- _Description of the task_:
Report how many lines in the records below contain the word "settings". Give only the number.
[Provided records Boundary: Start]
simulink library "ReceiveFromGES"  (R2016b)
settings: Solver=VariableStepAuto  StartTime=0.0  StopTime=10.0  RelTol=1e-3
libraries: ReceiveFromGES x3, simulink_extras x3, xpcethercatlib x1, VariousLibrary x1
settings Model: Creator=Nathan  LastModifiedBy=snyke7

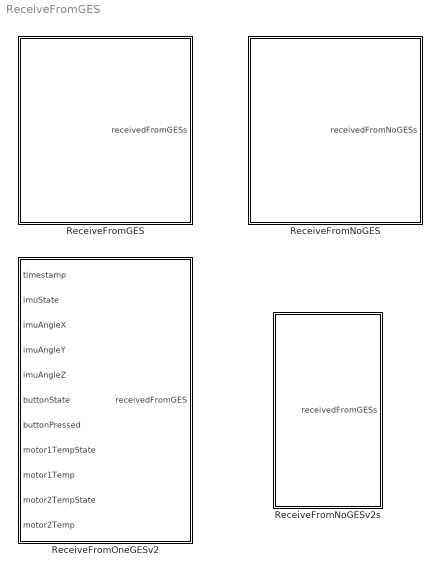
== system ReceiveFromGES ==
  ReceiveFromGES : Subsystem
  ReceiveFromNoGES : Subsystem
  ReceiveFromNoGESv2s : Subsystem
  ReceiveFromOneGESv2 : Subsystem

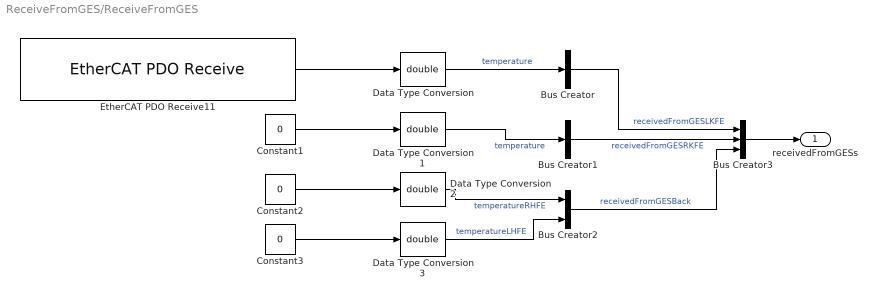
== system ReceiveFromGES/ReceiveFromGES ==
  Bus Creator : BusCreator  Inputs=1  OutDataTypeStr=Bus: EtherCATReceivedFromGESJoint  NonVirtualBus=on
  Bus Creator1 : BusCreator  Inputs=1  OutDataTypeStr=Bus: EtherCATReceivedFromGESJoint  NonVirtualBus=on
  Bus Creator2 : BusCreator  Inputs=2  OutDataTypeStr=Bus: EtherCATReceivedFromGESBack  NonVirtualBus=on
  Bus Creator3 : BusCreator  Inputs=3  OutDataTypeStr=Bus: EtherCATReceivedFromGES  NonVirtualBus=on
  Constant1 : Constant  Value=0
  Constant2 : Constant  Value=0
  Constant3 : Constant  Value=0
  Data Type Conversion{,1..3} (4 alike) : DataTypeConversion  OutDataTypeStr=double
  EtherCAT PDO Receive11 : xpcethercatlib/EtherCAT PDO Receive  Priority=2  sig_name=Box 2 (EasyCAT 32+32 configurable PDO).Inputs.temperature  sig_offset=728  sig_type=single  type_size=32  sig_dim=1  device_id=0  sample_time=0.002000
  receivedFromGESs : Outport  OutDataTypeStr=Bus: EtherCATReceivedFromGES
  wires:
  Data Type Conversion3/1 -> Bus Creator2/2  "temperatureLHFE"
  Bus Creator3/1 -> receivedFromGESs/1
  Bus Creator/1 -> Bus Creator3/1  "receivedFromGESLKFE"
  Bus Creator2/1 -> Bus Creator3/3  "receivedFromGESBack"
  Bus Creator1/1 -> Bus Creator3/2  "receivedFromGESRKFE"
  Data Type Conversion/1 -> Bus Creator/1  "temperature"
  Data Type Conversion2/1 -> Bus Creator2/1  "temperatureRHFE"
  Data Type Conversion1/1 -> Bus Creator1/1  "temperature"
  Constant1/1 -> Data Type Conversion1/1
  Constant2/1 -> Data Type Conversion2/1
  Constant3/1 -> Data Type Conversion3/1
  EtherCAT PDO Receive11/1 -> Data Type Conversion/1

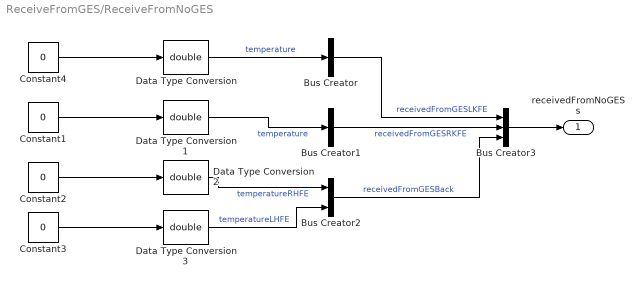
== system ReceiveFromGES/ReceiveFromNoGES ==
  Bus Creator : BusCreator  Inputs=1  OutDataTypeStr=Bus: EtherCATReceivedFromGESJoint  NonVirtualBus=on
  Bus Creator1 : BusCreator  Inputs=1  OutDataTypeStr=Bus: EtherCATReceivedFromGESJoint  NonVirtualBus=on
  Bus Creator2 : BusCreator  Inputs=2  OutDataTypeStr=Bus: EtherCATReceivedFromGESBack  NonVirtualBus=on
  Bus Creator3 : BusCreator  Inputs=3  OutDataTypeStr=Bus: EtherCATReceivedFromGES  NonVirtualBus=on
  Constant{1..4} (4 alike) : Constant  Value=0
  Data Type Conversion{,1..3} (4 alike) : DataTypeConversion  OutDataTypeStr=double
  receivedFromNoGESs : Outport  OutDataTypeStr=Bus: EtherCATReceivedFromGES
  wires:
  Constant4/1 -> Data Type Conversion/1
  Constant3/1 -> Data Type Conversion3/1
  Constant2/1 -> Data Type Conversion2/1
  Constant1/1 -> Data Type Conversion1/1
  Data Type Conversion1/1 -> Bus Creator1/1  "temperature"
  Data Type Conversion2/1 -> Bus Creator2/1  "temperatureRHFE"
  Data Type Conversion/1 -> Bus Creator/1  "temperature"
  Bus Creator1/1 -> Bus Creator3/2  "receivedFromGESRKFE"
  Bus Creator2/1 -> Bus Creator3/3  "receivedFromGESBack"
  Bus Creator/1 -> Bus Creator3/1  "receivedFromGESLKFE"
  Bus Creator3/1 -> receivedFromNoGESs/1
  Data Type Conversion3/1 -> Bus Creator2/2  "temperatureLHFE"

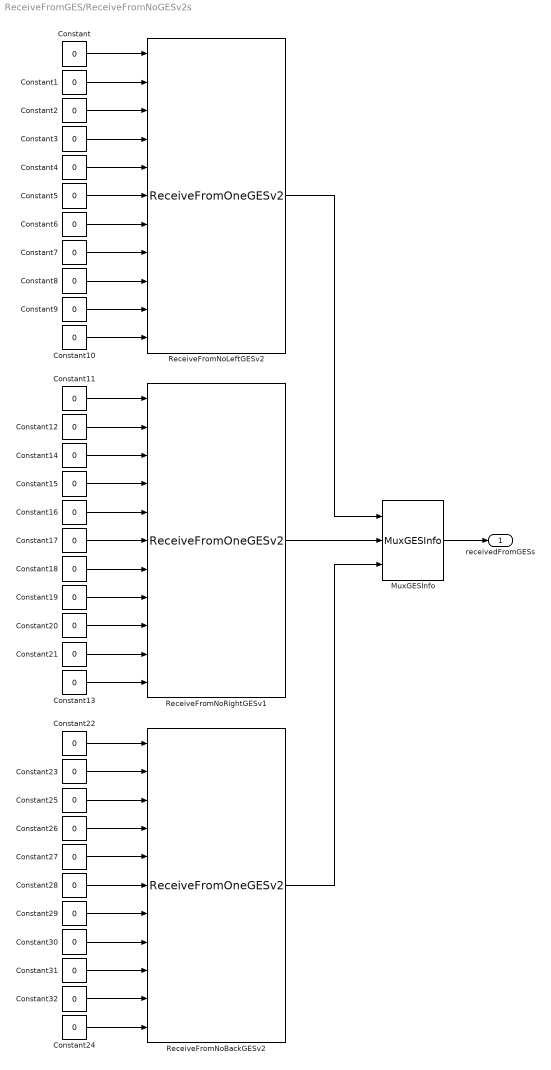
== system ReceiveFromGES/ReceiveFromNoGESv2s ==
  Constant{,1..32} (33 alike) : Constant  Value=0
  MuxGESInfo : VariousLibrary/MuxGESInfo
  ReceiveFromNoBackGESv2 : ReceiveFromGES/ReceiveFromOneGESv2
  ReceiveFromNoLeftGESv2 : ReceiveFromGES/ReceiveFromOneGESv2
  ReceiveFromNoRightGESv1 : ReceiveFromGES/ReceiveFromOneGESv2
  receivedFromGESs : Outport
  wires:
  Constant/1 -> ReceiveFromNoLeftGESv2/1
  Constant1/1 -> ReceiveFromNoLeftGESv2/2
  Constant4/1 -> ReceiveFromNoLeftGESv2/5
  Constant2/1 -> ReceiveFromNoLeftGESv2/3
  Constant5/1 -> ReceiveFromNoLeftGESv2/6
  Constant10/1 -> ReceiveFromNoLeftGESv2/11
  Constant7/1 -> ReceiveFromNoLeftGESv2/8
  Constant3/1 -> ReceiveFromNoLeftGESv2/4
  Constant6/1 -> ReceiveFromNoLeftGESv2/7
  Constant8/1 -> ReceiveFromNoLeftGESv2/9
  Constant9/1 -> ReceiveFromNoLeftGESv2/10
  Constant11/1 -> ReceiveFromNoRightGESv1/1
  Constant12/1 -> ReceiveFromNoRightGESv1/2
  Constant16/1 -> ReceiveFromNoRightGESv1/5
  Constant14/1 -> ReceiveFromNoRightGESv1/3
  Constant17/1 -> ReceiveFromNoRightGESv1/6
  Constant13/1 -> ReceiveFromNoRightGESv1/11
  Constant19/1 -> ReceiveFromNoRightGESv1/8
  Constant15/1 -> ReceiveFromNoRightGESv1/4
  Constant18/1 -> ReceiveFromNoRightGESv1/7
  Constant20/1 -> ReceiveFromNoRightGESv1/9
  Constant21/1 -> ReceiveFromNoRightGESv1/10
  Constant22/1 -> ReceiveFromNoBackGESv2/1
  Constant23/1 -> ReceiveFromNoBackGESv2/2
  Constant27/1 -> ReceiveFromNoBackGESv2/5
  Constant25/1 -> ReceiveFromNoBackGESv2/3
  Constant28/1 -> ReceiveFromNoBackGESv2/6
  Constant24/1 -> ReceiveFromNoBackGESv2/11
  Constant30/1 -> ReceiveFromNoBackGESv2/8
  Constant26/1 -> ReceiveFromNoBackGESv2/4
  Constant29/1 -> ReceiveFromNoBackGESv2/7
  Constant31/1 -> ReceiveFromNoBackGESv2/9
  Constant32/1 -> ReceiveFromNoBackGESv2/10
  ReceiveFromNoRightGESv1/1 -> MuxGESInfo/2
  ReceiveFromNoLeftGESv2/1 -> MuxGESInfo/1
  ReceiveFromNoBackGESv2/1 -> MuxGESInfo/3
  MuxGESInfo/1 -> receivedFromGESs/1

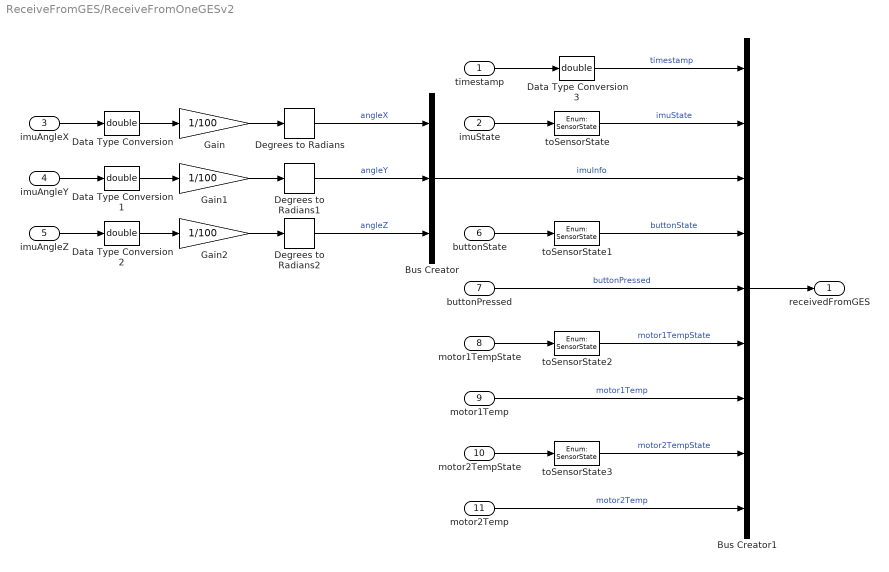
== system ReceiveFromGES/ReceiveFromOneGESv2 ==
  timestamp : Inport
  imuState : Inport  Port=2
  imuAngleX : Inport  Port=3
  imuAngleY : Inport  Port=4
  imuAngleZ : Inport  Port=5
  buttonState : Inport  Port=6
  buttonPressed : Inport  Port=7
  motor1TempState : Inport  Port=8
  motor1Temp : Inport  Port=9
  motor2TempState : Inport  Port=10
  motor2Temp : Inport  Port=11
  Bus Creator : BusCreator  Inputs=3  OutDataTypeStr=Bus: IMUInfo  NonVirtualBus=on
  Bus Creator1 : BusCreator  Inputs=9  OutDataTypeStr=Bus: EtherCATReceivedFromGES  NonVirtualBus=on
  Data Type Conversion{,1..3} (4 alike) : DataTypeConversion  OutDataTypeStr=double
  Degrees to Radians : simulink_extras/Transformations/Degrees to Radians
  Degrees to Radians1 : simulink_extras/Transformations/Degrees to Radians
  Degrees to Radians2 : simulink_extras/Transformations/Degrees to Radians
  Gain : Gain  Gain=1/100
  Gain1 : Gain  Gain=1/100
  Gain2 : Gain  Gain=1/100
  toSensorState{,1..3} (4 alike) : DataTypeConversion  OutDataTypeStr=Enum: SensorState  RndMeth=Nearest
  receivedFromGES : Outport
  wires:
  timestamp/1 -> Data Type Conversion3/1
  imuState/1 -> toSensorState/1
  Bus Creator/1 -> Bus Creator1/3  "imuInfo"
  motor2TempState/1 -> toSensorState3/1
  buttonPressed/1 -> Bus Creator1/5  "buttonPressed"
  motor1TempState/1 -> toSensorState2/1
  motor1Temp/1 -> Bus Creator1/7  "motor1Temp"
  motor2Temp/1 -> Bus Creator1/9  "motor2Temp"
  buttonState/1 -> toSensorState1/1
  Data Type Conversion/1 -> Gain/1
  imuAngleX/1 -> Data Type Conversion/1
  Degrees to Radians/1 -> Bus Creator/1  "angleX"
  imuAngleY/1 -> Data Type Conversion1/1
  Data Type Conversion1/1 -> Gain1/1
  Degrees to Radians1/1 -> Bus Creator/2  "angleY"
  imuAngleZ/1 -> Data Type Conversion2/1
  Data Type Conversion2/1 -> Gain2/1
  Degrees to Radians2/1 -> Bus Creator/3  "angleZ"
  Data Type Conversion3/1 -> Bus Creator1/1  "timestamp"
  Gain/1 -> Degrees to Radians/1
  Gain1/1 -> Degrees to Radians1/1
  Gain2/1 -> Degrees to Radians2/1
  toSensorState/1 -> Bus Creator1/2  "imuState"
  toSensorState1/1 -> Bus Creator1/4  "buttonState"
  toSensorState2/1 -> Bus Creator1/6  "motor1TempState"
  toSensorState3/1 -> Bus Creator1/8  "motor2TempState"
  Bus Creator1/1 -> receivedFromGES/1
[Provided records Boundary: End]
- _Exercise result_:
2